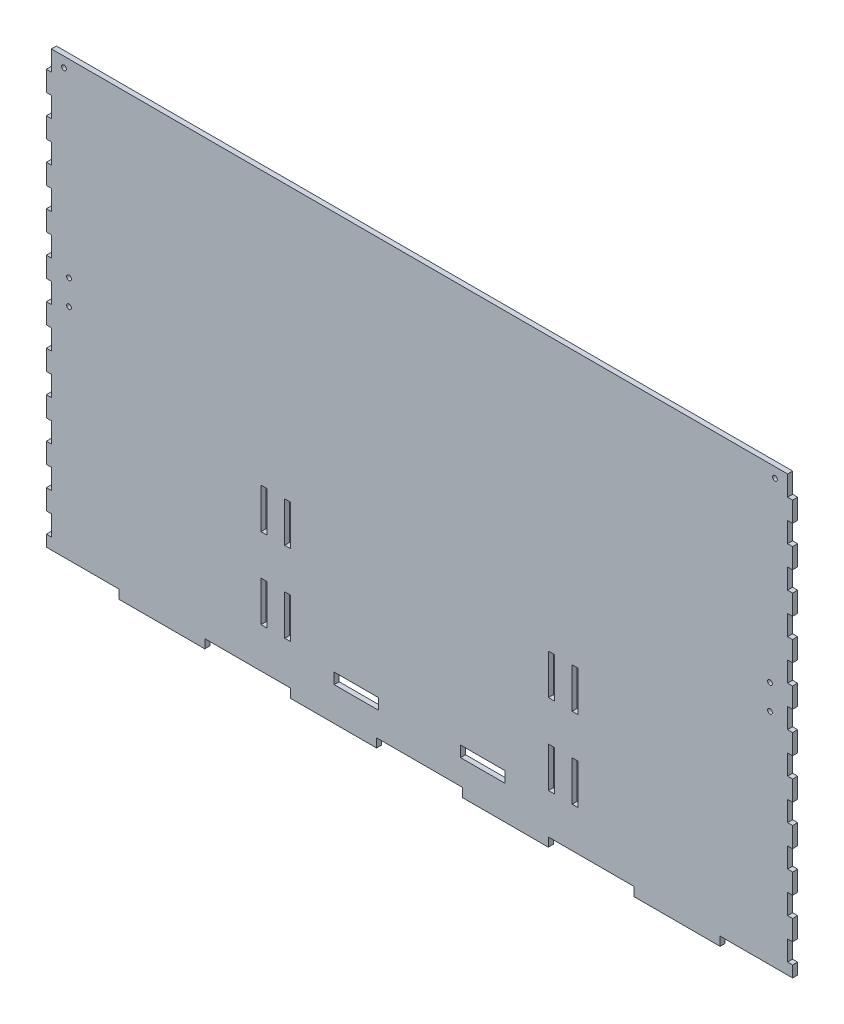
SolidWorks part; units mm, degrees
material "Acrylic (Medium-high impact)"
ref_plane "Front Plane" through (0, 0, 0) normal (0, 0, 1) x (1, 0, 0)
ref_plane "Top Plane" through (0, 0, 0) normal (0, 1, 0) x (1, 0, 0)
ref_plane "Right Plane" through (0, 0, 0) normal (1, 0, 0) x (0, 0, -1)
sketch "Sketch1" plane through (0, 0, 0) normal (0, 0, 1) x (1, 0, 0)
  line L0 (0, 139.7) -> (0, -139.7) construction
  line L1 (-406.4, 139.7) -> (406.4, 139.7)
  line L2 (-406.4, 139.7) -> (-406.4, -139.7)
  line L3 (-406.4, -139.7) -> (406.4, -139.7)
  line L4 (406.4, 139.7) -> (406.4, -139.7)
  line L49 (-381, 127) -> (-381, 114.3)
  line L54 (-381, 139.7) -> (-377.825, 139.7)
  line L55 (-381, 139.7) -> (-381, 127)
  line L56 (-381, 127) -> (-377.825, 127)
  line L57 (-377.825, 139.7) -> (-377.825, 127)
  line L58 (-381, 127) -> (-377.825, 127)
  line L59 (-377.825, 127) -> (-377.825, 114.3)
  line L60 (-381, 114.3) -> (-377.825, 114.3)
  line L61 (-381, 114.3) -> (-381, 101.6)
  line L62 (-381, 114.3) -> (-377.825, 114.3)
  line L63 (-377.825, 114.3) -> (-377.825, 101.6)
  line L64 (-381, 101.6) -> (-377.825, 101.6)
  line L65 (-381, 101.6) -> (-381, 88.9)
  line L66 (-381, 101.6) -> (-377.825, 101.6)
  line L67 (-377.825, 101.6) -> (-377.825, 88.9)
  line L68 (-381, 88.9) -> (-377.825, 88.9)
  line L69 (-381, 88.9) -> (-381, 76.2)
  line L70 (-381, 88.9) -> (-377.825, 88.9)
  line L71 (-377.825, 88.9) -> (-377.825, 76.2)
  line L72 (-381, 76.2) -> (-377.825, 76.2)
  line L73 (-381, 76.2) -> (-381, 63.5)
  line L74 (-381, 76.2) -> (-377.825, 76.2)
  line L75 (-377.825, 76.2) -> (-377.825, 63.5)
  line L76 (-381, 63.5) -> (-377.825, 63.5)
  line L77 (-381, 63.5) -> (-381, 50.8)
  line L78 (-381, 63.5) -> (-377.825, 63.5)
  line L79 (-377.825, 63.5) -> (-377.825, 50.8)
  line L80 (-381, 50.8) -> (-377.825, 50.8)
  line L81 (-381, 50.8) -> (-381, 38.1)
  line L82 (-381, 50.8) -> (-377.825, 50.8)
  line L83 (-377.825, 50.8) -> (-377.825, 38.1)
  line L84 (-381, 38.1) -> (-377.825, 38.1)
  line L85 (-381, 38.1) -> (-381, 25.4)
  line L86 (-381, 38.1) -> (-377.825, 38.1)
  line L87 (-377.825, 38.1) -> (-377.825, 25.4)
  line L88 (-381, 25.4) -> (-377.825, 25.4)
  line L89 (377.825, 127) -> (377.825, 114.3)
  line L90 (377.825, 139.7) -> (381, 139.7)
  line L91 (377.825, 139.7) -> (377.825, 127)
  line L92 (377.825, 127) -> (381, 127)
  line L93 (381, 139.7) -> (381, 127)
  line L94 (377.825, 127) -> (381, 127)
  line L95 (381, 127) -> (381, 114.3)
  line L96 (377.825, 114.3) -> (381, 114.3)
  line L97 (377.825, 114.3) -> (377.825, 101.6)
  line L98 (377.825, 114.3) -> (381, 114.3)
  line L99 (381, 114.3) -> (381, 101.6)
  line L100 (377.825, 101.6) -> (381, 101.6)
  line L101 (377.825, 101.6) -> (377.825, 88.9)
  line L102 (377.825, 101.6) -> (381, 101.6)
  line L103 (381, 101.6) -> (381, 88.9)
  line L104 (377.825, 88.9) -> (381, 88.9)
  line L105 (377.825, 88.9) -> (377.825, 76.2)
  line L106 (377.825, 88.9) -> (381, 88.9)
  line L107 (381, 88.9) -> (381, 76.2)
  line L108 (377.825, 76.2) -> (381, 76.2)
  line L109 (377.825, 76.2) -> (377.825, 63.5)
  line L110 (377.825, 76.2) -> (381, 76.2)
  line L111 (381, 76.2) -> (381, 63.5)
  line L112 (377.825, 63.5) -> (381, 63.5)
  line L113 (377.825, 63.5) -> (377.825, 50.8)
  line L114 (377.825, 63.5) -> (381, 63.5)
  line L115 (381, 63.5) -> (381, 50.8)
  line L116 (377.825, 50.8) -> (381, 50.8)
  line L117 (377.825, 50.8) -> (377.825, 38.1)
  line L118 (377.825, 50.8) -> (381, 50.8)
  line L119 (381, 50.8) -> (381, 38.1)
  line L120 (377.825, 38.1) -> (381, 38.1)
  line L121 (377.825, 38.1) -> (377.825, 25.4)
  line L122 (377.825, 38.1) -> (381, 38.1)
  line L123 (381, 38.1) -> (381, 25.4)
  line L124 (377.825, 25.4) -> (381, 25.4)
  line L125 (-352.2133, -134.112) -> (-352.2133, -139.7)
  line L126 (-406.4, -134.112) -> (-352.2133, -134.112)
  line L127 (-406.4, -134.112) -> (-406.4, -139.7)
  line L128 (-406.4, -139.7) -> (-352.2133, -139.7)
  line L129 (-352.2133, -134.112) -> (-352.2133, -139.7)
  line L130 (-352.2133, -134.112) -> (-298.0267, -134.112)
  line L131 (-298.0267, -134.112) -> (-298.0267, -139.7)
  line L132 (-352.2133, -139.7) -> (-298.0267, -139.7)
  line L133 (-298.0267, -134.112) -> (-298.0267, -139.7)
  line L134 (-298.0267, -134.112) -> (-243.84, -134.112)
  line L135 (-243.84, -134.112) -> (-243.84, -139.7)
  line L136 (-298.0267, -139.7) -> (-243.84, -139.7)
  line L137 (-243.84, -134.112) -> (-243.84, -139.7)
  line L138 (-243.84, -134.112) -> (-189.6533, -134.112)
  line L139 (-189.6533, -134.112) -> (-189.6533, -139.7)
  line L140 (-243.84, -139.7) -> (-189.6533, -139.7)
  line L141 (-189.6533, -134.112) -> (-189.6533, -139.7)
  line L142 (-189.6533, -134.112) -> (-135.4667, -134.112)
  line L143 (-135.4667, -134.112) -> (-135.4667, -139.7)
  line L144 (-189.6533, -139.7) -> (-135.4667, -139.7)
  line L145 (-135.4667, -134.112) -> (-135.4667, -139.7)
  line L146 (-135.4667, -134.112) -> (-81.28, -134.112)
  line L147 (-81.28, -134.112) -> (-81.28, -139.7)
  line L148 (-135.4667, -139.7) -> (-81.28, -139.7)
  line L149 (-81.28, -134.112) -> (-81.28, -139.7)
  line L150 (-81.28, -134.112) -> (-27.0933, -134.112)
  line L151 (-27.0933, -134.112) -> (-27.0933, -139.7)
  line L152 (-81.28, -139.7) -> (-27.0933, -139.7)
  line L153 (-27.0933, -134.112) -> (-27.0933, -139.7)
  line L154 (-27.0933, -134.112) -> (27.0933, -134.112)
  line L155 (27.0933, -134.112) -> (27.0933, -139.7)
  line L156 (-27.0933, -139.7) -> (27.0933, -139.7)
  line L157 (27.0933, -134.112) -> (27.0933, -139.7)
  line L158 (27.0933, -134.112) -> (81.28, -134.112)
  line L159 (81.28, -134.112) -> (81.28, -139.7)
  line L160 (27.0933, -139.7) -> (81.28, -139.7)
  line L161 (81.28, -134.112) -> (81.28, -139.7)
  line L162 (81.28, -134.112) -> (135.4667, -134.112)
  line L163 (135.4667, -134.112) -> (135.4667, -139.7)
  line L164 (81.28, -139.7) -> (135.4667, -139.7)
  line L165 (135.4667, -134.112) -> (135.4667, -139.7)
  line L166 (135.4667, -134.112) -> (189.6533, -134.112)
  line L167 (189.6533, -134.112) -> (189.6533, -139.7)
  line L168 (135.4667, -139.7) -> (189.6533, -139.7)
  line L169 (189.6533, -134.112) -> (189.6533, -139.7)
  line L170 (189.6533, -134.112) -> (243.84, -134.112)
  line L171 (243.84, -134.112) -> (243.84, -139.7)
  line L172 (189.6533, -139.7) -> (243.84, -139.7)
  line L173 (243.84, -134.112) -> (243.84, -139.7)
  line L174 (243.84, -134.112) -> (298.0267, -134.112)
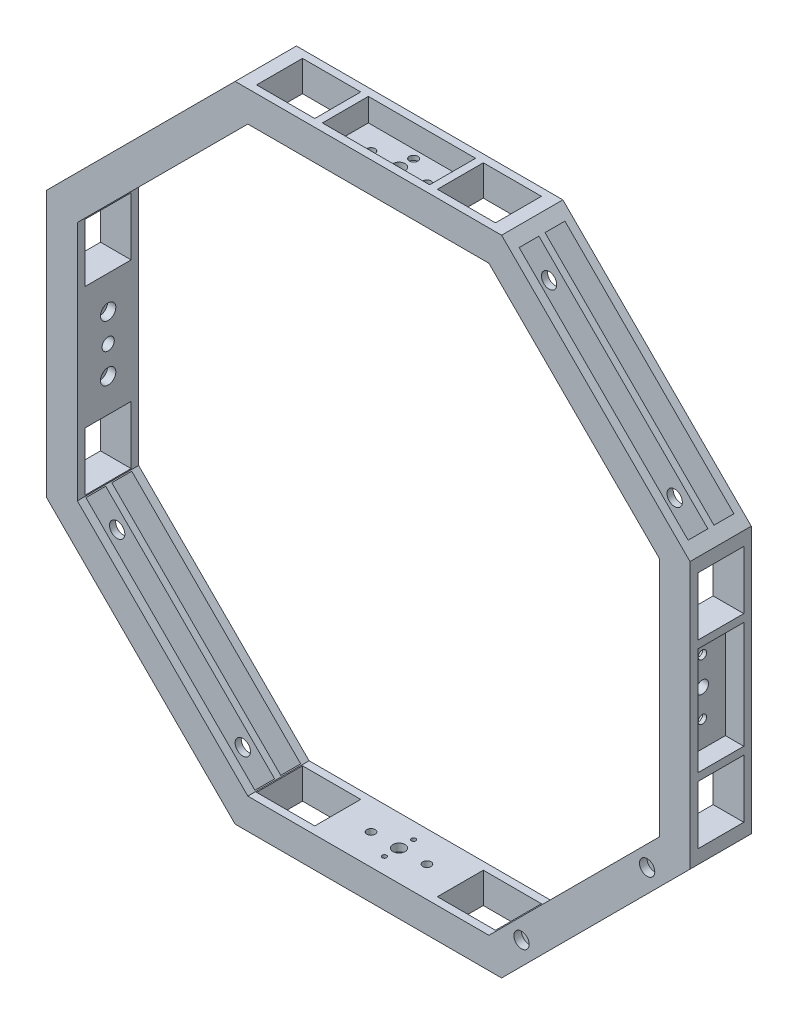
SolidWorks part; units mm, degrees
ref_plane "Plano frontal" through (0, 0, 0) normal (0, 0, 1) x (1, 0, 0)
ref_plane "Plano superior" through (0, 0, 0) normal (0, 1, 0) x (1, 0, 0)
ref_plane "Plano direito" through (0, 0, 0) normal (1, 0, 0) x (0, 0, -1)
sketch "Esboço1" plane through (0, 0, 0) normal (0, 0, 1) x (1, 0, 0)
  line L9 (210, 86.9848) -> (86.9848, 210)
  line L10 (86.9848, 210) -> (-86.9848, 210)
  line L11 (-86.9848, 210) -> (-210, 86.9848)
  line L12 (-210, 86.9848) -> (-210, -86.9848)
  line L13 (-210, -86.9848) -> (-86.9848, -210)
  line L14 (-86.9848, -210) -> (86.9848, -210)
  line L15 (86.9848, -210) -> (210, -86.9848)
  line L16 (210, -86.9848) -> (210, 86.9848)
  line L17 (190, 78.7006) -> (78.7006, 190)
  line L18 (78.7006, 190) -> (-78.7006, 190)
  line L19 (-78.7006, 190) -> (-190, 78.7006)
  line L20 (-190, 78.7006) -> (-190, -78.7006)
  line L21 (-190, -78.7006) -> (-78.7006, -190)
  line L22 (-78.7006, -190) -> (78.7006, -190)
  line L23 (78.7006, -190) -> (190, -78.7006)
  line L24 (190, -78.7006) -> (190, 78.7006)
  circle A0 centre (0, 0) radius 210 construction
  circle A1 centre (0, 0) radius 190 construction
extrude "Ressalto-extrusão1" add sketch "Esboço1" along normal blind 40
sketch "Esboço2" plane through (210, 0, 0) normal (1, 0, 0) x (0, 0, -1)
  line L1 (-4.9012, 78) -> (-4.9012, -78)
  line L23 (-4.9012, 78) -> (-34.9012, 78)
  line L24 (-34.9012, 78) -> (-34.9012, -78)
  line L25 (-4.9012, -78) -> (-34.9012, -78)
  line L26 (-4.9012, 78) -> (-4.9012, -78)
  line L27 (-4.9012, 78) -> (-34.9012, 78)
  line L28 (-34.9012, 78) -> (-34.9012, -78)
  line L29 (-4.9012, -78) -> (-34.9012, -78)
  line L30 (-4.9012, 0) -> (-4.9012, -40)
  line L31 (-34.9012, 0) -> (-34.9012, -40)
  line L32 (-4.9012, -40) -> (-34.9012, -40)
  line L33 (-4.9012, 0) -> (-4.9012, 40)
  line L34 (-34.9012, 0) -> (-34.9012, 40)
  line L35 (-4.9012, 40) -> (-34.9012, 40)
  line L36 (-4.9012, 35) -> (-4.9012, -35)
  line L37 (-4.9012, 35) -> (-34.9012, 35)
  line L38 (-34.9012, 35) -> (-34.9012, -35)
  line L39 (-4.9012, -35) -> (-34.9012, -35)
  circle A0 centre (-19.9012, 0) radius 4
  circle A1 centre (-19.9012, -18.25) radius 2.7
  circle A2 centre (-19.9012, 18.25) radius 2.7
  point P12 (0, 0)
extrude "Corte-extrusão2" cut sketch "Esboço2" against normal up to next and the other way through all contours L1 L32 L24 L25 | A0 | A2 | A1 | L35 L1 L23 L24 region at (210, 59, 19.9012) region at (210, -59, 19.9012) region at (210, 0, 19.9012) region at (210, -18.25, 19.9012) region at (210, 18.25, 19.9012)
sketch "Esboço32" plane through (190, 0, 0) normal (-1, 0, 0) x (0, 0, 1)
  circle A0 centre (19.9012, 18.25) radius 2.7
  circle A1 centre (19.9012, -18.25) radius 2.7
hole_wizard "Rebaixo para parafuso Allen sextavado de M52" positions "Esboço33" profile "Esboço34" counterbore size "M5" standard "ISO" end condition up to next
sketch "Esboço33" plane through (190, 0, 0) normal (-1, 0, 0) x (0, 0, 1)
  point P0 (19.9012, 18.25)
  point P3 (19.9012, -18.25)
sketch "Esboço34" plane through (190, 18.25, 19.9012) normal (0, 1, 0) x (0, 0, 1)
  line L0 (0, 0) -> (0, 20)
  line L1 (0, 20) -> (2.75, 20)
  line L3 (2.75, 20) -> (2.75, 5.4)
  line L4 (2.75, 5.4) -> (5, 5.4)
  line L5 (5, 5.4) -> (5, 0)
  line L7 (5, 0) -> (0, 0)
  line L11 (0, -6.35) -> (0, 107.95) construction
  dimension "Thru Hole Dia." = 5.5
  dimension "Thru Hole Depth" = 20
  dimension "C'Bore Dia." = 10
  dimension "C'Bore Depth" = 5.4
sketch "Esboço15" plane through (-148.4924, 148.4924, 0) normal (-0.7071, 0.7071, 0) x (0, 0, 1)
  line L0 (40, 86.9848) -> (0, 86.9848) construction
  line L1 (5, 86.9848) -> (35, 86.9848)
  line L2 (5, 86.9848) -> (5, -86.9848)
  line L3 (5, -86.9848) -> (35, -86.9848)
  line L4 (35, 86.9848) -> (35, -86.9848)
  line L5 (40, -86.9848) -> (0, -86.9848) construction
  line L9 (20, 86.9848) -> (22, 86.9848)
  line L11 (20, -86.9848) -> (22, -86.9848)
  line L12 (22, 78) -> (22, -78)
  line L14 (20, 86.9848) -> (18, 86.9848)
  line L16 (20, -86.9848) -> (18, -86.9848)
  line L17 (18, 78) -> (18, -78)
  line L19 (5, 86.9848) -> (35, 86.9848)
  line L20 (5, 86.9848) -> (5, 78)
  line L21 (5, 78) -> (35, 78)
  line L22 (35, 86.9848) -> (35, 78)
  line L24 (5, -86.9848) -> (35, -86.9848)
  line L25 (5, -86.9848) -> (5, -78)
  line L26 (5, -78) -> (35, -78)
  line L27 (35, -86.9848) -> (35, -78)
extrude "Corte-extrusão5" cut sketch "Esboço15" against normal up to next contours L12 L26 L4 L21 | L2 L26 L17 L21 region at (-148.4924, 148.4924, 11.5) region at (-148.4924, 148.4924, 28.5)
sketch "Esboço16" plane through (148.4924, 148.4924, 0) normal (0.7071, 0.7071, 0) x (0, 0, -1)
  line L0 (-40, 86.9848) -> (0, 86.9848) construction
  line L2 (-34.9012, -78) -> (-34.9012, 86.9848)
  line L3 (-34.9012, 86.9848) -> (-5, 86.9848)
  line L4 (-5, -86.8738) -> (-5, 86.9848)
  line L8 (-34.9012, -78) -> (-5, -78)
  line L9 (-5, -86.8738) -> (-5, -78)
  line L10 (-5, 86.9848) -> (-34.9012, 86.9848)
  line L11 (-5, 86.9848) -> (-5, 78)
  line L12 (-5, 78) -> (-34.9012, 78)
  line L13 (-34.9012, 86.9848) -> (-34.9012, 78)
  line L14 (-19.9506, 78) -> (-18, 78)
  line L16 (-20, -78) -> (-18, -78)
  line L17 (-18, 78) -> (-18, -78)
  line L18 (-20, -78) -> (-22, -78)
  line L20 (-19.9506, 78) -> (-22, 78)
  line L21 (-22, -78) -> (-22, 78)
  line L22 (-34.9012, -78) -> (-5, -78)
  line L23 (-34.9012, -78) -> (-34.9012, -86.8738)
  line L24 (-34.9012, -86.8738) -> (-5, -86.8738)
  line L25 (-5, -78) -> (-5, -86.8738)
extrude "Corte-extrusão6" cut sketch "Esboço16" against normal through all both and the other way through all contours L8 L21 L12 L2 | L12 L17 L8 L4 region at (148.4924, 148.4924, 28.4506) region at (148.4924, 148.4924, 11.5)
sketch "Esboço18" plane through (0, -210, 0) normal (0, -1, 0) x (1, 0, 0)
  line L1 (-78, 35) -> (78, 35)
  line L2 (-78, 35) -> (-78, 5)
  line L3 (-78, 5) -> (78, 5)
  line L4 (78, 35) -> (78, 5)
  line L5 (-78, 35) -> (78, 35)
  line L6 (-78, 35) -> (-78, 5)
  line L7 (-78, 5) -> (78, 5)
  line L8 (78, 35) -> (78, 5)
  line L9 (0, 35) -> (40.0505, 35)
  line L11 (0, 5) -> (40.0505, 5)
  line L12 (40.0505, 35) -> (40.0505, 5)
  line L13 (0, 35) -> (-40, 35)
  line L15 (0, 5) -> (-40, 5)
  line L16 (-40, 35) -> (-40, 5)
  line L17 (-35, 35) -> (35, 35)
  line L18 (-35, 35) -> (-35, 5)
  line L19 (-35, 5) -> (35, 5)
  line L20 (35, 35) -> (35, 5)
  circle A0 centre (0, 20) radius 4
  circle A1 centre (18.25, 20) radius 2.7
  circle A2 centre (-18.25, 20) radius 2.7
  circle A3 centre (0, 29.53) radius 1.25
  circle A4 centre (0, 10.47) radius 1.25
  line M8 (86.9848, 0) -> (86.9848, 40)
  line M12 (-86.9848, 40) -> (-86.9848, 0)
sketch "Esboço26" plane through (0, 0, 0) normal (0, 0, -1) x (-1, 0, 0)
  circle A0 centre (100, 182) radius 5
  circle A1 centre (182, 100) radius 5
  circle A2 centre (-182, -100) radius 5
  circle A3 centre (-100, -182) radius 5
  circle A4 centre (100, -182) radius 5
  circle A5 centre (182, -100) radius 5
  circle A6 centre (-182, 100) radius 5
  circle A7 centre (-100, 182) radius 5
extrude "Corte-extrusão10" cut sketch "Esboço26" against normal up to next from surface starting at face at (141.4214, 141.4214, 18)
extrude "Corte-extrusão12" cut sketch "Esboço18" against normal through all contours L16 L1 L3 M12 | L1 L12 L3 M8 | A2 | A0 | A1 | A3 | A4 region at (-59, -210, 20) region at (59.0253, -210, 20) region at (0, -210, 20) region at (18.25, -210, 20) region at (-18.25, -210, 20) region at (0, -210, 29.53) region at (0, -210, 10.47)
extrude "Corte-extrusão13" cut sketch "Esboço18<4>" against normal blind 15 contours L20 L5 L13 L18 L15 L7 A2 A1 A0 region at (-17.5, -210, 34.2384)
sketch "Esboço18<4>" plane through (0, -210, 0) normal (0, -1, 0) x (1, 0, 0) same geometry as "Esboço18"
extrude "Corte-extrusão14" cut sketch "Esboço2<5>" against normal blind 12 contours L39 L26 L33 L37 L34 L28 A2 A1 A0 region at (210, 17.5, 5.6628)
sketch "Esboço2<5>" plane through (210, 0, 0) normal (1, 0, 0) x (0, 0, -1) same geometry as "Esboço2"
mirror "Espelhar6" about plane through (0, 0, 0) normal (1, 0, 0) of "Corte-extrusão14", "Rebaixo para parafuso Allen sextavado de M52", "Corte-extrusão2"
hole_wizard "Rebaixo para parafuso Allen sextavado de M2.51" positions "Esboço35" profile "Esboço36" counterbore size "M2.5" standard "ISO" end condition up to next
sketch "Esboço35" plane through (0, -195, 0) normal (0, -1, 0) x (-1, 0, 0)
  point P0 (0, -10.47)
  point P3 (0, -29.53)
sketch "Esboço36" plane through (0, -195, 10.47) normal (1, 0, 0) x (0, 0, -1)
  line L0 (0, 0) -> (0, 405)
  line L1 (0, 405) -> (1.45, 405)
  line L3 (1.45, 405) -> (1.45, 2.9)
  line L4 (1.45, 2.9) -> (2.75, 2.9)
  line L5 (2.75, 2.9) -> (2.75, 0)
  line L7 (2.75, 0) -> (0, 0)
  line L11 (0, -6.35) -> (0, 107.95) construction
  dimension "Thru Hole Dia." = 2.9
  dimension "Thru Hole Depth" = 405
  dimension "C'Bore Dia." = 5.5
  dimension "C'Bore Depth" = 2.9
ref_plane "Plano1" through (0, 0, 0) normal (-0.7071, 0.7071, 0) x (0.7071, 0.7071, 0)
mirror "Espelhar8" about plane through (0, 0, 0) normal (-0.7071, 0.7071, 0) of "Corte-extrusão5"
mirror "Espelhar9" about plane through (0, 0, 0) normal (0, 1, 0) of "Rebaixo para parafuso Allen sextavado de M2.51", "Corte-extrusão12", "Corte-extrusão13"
++++
What needs to be done: Please reproduce, word for word, every line from the first line of the records above through the line containing "line L49 (-381, 127) -> (-381, 114.3)", and leave out the pictures.

Answer space:
SolidWorks part; units mm, degrees
material "Acrylic (Medium-high impact)"
ref_plane "Front Plane" through (0, 0, 0) normal (0, 0, 1) x (1, 0, 0)
ref_plane "Top Plane" through (0, 0, 0) normal (0, 1, 0) x (1, 0, 0)
ref_plane "Right Plane" through (0, 0, 0) normal (1, 0, 0) x (0, 0, -1)
sketch "Sketch1" plane through (0, 0, 0) normal (0, 0, 1) x (1, 0, 0)
  line L0 (0, 139.7) -> (0, -139.7) construction
  line L1 (-406.4, 139.7) -> (406.4, 139.7)
  line L2 (-406.4, 139.7) -> (-406.4, -139.7)
  line L3 (-406.4, -139.7) -> (406.4, -139.7)
  line L4 (406.4, 139.7) -> (406.4, -139.7)
  line L49 (-381, 127) -> (-381, 114.3)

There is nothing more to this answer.